Try it – Nothing but the line with "#20=DIRECTION('',(0.,0.,-1.));" and the lines after it, through the end of the records below, is to be repeated, exactly as it is.

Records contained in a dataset

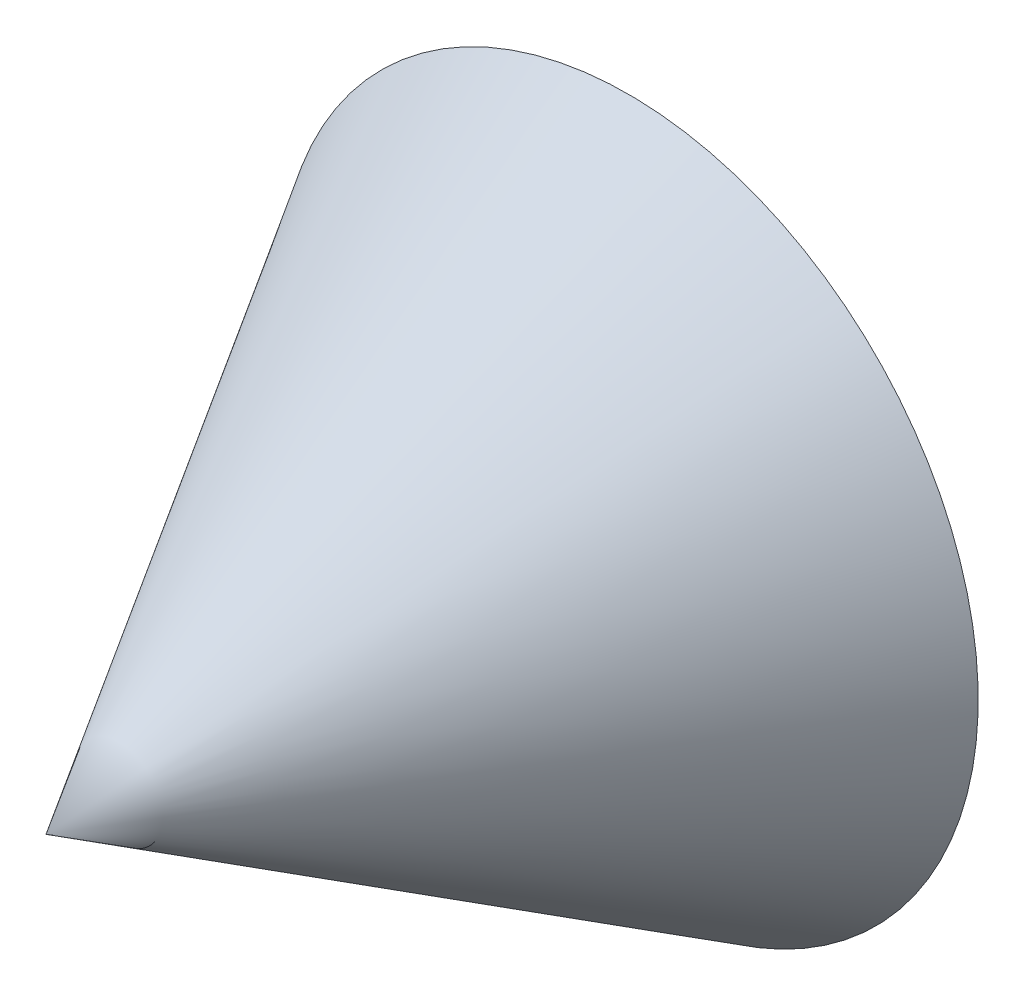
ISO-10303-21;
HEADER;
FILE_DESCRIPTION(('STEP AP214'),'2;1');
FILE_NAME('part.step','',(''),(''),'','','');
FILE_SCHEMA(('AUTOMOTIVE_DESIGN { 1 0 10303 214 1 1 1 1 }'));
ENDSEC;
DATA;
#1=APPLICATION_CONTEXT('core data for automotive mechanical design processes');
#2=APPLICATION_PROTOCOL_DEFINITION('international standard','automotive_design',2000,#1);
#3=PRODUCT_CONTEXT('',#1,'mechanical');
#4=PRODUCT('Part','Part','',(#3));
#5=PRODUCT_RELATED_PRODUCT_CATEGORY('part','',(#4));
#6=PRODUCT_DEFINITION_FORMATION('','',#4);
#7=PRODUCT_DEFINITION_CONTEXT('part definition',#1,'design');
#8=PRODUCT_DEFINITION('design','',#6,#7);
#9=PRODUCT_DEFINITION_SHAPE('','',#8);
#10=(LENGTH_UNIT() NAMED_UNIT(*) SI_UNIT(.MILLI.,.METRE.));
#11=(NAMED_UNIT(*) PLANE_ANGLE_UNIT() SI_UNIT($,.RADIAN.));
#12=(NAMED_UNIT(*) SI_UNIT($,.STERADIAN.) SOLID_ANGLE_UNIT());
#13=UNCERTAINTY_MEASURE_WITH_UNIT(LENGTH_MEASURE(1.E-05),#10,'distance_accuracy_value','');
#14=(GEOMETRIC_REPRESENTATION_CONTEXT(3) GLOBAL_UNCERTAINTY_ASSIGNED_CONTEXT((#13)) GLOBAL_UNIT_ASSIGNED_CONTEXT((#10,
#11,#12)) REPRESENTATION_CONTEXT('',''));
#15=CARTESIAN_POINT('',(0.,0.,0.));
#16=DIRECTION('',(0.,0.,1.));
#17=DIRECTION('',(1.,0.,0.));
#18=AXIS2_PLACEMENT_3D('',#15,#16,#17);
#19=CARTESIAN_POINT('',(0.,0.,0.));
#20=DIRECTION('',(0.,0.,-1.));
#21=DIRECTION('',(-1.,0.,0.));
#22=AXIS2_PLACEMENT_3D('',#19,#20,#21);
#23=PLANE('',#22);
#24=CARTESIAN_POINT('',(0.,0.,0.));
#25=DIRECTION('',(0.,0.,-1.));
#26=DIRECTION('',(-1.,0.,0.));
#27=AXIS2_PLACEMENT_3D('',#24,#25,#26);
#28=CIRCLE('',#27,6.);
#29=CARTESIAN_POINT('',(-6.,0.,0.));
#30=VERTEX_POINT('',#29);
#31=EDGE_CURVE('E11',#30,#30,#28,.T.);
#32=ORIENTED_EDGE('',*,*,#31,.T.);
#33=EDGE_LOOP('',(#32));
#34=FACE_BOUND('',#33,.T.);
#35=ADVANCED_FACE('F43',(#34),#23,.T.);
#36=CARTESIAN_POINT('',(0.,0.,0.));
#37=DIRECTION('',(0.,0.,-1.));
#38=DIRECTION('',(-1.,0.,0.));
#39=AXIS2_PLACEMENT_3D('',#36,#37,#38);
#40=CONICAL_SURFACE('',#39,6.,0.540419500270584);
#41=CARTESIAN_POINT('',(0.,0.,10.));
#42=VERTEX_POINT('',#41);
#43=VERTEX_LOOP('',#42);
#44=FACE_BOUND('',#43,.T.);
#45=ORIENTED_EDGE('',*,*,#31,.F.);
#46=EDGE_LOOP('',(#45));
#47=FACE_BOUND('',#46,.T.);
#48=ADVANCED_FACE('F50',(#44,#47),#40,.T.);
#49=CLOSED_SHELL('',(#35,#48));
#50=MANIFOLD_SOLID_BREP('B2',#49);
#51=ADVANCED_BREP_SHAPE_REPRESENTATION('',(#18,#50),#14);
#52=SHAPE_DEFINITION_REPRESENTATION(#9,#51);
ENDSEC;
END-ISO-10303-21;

Answer to the exercise –
#20=DIRECTION('',(0.,0.,-1.));
#21=DIRECTION('',(-1.,0.,0.));
#22=AXIS2_PLACEMENT_3D('',#19,#20,#21);
#23=PLANE('',#22);
#24=CARTESIAN_POINT('',(0.,0.,0.));
#25=DIRECTION('',(0.,0.,-1.));
#26=DIRECTION('',(-1.,0.,0.));
#27=AXIS2_PLACEMENT_3D('',#24,#25,#26);
#28=CIRCLE('',#27,6.);
#29=CARTESIAN_POINT('',(-6.,0.,0.));
#30=VERTEX_POINT('',#29);
#31=EDGE_CURVE('E11',#30,#30,#28,.T.);
#32=ORIENTED_EDGE('',*,*,#31,.T.);
#33=EDGE_LOOP('',(#32));
#34=FACE_BOUND('',#33,.T.);
#35=ADVANCED_FACE('F43',(#34),#23,.T.);
#36=CARTESIAN_POINT('',(0.,0.,0.));
#37=DIRECTION('',(0.,0.,-1.));
#38=DIRECTION('',(-1.,0.,0.));
#39=AXIS2_PLACEMENT_3D('',#36,#37,#38);
#40=CONICAL_SURFACE('',#39,6.,0.540419500270584);
#41=CARTESIAN_POINT('',(0.,0.,10.));
#42=VERTEX_POINT('',#41);
#43=VERTEX_LOOP('',#42);
#44=FACE_BOUND('',#43,.T.);
#45=ORIENTED_EDGE('',*,*,#31,.F.);
#46=EDGE_LOOP('',(#45));
#47=FACE_BOUND('',#46,.T.);
#48=ADVANCED_FACE('F50',(#44,#47),#40,.T.);
#49=CLOSED_SHELL('',(#35,#48));
#50=MANIFOLD_SOLID_BREP('B2',#49);
#51=ADVANCED_BREP_SHAPE_REPRESENTATION('',(#18,#50),#14);
#52=SHAPE_DEFINITION_REPRESENTATION(#9,#51);
ENDSEC;
END-ISO-10303-21;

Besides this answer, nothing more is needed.